**DIRECTIONS FOR THIS TASK**
Which lines in the records below contain the word "them"? Copy each one.

**MATERIAL PROVIDED**
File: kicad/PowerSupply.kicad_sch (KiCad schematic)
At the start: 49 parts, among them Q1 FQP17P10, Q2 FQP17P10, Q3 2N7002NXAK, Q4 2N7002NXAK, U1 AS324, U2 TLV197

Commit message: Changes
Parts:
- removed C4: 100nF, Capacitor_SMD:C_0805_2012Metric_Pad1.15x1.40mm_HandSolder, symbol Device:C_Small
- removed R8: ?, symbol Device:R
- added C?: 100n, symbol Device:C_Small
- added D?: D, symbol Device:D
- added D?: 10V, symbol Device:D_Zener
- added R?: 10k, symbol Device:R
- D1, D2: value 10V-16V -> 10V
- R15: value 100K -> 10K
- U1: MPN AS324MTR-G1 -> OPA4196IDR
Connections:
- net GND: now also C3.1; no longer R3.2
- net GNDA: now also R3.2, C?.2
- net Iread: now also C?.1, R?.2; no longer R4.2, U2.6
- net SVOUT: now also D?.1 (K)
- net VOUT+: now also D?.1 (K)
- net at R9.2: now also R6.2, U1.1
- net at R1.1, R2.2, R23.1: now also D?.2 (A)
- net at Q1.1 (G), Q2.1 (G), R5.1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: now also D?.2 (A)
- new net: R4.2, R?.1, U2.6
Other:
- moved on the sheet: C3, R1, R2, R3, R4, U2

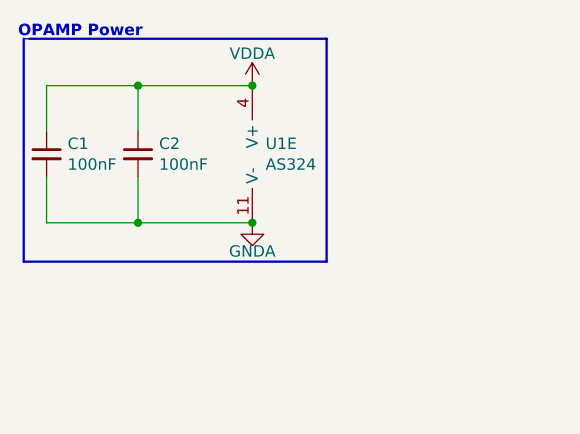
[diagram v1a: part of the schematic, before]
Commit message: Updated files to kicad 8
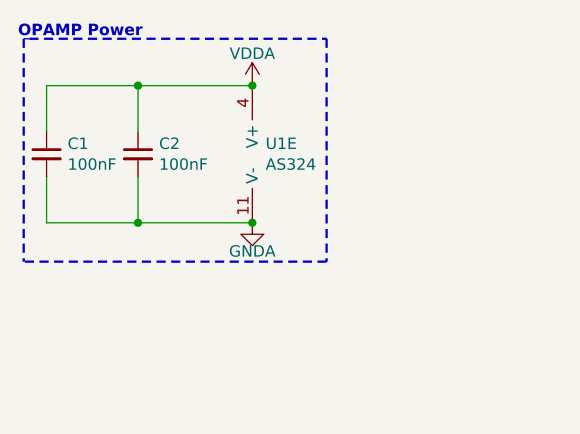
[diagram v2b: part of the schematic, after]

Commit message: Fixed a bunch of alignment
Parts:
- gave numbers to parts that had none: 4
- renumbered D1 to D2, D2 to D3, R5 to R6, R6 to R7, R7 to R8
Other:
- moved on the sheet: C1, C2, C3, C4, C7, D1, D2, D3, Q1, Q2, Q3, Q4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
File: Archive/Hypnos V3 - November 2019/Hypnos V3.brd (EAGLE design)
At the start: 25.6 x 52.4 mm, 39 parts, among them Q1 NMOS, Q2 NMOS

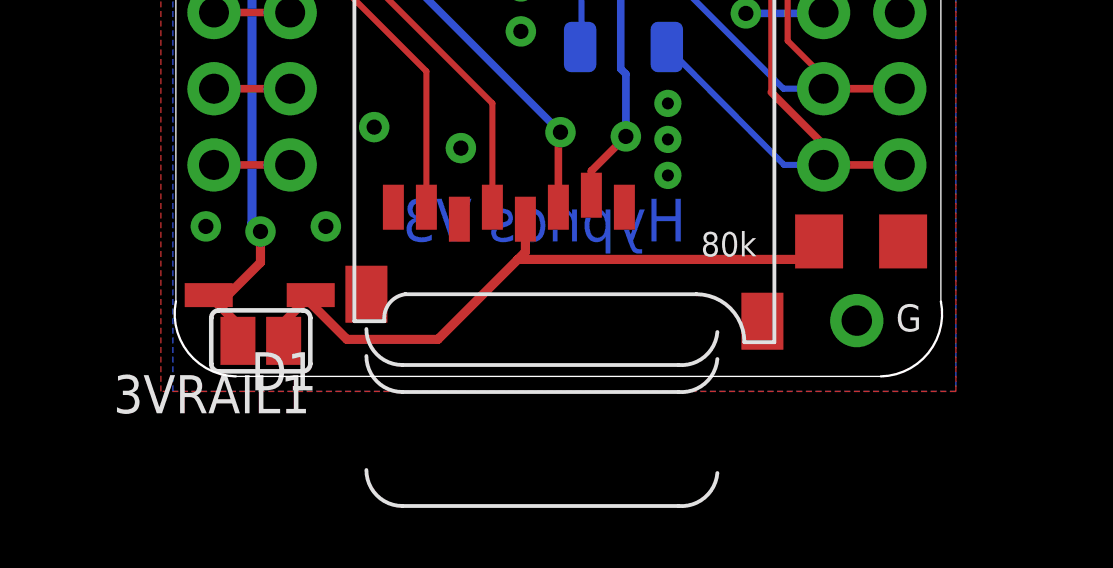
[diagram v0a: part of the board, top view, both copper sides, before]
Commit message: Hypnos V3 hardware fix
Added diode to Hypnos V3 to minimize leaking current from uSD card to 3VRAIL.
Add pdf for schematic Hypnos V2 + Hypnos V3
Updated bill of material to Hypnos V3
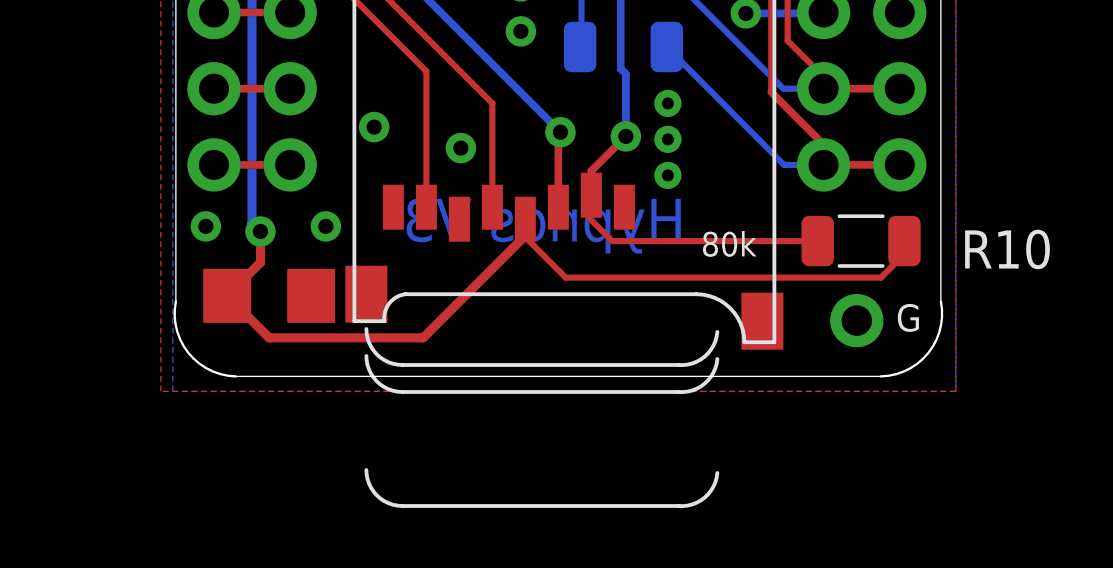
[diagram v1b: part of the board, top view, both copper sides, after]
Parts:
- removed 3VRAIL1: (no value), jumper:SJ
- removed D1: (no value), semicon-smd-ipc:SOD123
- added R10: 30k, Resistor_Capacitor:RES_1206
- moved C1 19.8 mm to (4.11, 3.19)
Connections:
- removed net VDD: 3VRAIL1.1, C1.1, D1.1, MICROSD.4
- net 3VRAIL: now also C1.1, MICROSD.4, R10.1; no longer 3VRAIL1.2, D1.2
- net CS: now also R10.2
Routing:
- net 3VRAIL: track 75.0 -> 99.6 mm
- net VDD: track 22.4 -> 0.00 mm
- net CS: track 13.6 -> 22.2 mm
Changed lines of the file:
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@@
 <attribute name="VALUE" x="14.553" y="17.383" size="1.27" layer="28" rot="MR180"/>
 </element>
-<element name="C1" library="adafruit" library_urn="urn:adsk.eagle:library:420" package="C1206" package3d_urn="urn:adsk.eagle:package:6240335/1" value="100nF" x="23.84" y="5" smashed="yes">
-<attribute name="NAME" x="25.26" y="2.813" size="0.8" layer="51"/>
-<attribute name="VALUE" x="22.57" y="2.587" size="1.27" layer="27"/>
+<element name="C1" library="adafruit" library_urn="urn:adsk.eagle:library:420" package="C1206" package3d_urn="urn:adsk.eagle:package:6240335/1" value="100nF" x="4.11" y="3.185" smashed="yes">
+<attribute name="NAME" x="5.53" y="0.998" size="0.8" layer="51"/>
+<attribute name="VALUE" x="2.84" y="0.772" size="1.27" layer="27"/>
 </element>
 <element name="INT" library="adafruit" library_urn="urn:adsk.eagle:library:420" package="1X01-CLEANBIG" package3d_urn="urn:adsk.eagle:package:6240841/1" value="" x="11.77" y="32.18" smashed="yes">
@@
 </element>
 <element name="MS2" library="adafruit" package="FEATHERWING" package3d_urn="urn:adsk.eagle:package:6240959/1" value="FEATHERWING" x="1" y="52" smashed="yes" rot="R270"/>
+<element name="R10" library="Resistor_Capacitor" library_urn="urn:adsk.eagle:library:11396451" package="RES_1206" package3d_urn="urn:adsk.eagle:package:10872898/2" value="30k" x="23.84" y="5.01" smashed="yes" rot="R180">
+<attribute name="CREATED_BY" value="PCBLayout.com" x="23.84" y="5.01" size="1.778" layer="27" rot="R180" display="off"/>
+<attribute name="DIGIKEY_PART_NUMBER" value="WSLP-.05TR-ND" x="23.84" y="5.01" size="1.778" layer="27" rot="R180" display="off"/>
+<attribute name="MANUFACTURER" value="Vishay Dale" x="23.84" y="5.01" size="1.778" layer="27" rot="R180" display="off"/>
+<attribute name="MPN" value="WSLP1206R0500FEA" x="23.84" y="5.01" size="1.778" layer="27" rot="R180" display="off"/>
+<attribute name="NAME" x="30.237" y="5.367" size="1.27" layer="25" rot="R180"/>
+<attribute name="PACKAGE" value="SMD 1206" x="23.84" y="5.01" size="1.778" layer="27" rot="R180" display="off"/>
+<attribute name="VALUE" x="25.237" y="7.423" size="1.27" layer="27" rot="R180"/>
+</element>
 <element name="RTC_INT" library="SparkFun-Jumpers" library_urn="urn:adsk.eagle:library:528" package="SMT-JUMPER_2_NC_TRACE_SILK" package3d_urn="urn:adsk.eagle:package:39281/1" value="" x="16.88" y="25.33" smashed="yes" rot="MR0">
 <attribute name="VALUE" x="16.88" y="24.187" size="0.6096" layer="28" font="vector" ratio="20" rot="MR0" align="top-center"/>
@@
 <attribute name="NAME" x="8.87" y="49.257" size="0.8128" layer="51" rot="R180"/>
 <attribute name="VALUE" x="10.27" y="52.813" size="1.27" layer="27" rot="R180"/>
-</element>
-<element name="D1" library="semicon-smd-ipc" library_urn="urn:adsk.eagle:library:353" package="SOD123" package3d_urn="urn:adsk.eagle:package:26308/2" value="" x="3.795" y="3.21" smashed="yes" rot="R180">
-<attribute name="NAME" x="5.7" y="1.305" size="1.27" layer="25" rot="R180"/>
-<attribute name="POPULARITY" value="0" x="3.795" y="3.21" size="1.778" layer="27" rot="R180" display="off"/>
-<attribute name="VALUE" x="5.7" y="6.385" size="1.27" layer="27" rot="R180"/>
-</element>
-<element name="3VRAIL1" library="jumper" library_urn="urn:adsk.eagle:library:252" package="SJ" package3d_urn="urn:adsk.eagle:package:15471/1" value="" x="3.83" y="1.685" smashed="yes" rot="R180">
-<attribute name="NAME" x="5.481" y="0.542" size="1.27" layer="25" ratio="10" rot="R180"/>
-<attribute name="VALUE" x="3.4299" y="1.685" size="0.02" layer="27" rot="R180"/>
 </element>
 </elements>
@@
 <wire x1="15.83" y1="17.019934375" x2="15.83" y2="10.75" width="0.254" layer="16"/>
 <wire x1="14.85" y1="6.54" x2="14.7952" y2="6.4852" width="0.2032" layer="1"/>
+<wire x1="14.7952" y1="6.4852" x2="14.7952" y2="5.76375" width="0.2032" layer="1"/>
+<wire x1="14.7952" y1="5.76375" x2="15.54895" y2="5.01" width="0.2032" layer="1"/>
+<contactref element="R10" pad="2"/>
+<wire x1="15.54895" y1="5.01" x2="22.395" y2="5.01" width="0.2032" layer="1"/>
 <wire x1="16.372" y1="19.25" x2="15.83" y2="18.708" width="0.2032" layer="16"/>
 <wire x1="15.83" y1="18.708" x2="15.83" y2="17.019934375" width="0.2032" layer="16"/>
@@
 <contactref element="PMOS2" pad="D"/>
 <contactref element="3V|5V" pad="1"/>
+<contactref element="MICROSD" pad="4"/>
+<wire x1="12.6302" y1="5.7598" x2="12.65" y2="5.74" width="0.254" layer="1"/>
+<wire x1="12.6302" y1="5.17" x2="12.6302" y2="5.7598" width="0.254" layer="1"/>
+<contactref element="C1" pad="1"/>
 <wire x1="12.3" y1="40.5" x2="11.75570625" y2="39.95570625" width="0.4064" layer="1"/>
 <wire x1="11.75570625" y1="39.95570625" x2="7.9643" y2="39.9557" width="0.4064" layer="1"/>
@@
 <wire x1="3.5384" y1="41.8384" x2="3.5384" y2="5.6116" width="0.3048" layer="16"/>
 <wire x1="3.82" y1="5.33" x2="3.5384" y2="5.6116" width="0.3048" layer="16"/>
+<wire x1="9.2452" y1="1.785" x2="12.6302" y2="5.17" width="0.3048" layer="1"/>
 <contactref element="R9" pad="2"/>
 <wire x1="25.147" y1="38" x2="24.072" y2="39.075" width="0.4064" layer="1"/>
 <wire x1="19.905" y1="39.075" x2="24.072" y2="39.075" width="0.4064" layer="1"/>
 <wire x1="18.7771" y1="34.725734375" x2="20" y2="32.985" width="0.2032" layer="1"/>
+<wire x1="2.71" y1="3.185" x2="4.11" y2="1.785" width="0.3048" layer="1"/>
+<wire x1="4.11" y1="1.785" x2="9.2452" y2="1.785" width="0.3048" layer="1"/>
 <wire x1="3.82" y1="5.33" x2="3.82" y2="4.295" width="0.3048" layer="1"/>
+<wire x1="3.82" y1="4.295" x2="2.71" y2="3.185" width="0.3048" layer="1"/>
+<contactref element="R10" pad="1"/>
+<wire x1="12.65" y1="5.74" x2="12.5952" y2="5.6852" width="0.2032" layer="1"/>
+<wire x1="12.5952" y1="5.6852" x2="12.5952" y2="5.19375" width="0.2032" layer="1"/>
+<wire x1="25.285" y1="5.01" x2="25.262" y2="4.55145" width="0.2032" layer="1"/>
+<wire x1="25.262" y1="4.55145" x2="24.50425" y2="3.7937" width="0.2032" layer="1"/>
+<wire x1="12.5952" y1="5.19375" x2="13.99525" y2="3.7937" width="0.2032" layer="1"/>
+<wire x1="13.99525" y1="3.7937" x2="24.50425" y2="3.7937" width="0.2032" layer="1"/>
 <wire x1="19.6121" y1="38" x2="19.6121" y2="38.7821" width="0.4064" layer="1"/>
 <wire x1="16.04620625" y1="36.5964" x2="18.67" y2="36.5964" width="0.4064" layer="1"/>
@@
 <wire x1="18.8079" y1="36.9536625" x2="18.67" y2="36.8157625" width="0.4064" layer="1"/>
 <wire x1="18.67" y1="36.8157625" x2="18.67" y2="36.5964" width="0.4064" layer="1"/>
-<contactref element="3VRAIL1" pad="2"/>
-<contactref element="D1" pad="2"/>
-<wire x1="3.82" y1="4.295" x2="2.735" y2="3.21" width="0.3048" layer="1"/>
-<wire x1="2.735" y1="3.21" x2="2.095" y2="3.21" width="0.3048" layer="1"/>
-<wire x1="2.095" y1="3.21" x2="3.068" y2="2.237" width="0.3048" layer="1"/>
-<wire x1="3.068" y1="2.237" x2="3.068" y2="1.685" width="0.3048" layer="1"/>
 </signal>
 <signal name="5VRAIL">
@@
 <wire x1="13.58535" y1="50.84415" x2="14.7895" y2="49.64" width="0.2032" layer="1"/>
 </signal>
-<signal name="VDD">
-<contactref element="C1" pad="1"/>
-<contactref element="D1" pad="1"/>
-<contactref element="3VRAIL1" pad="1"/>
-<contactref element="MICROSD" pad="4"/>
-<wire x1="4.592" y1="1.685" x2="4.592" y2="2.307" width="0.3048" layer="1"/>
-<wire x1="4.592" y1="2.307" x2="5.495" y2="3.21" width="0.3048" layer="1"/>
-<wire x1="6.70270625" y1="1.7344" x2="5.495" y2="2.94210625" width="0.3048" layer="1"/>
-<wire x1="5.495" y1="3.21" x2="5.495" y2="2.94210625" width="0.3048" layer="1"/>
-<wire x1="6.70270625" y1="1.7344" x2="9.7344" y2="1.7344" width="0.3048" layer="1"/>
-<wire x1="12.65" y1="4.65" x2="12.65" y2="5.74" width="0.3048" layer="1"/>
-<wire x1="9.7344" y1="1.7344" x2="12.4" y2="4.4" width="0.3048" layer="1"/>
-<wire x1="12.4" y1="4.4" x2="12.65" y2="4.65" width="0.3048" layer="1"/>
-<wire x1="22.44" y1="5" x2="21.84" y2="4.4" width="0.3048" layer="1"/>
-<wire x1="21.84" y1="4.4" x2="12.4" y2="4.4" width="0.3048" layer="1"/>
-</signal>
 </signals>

**ANSWER TO THIS PROBLEM**
At the start: 49 parts, among them Q1 FQP17P10, Q2 FQP17P10, Q3 2N7002NXAK, Q4 2N7002NXAK, U1 AS324, U2 TLV197
At the start: 25.6 x 52.4 mm, 39 parts, among them Q1 NMOS, Q2 NMOS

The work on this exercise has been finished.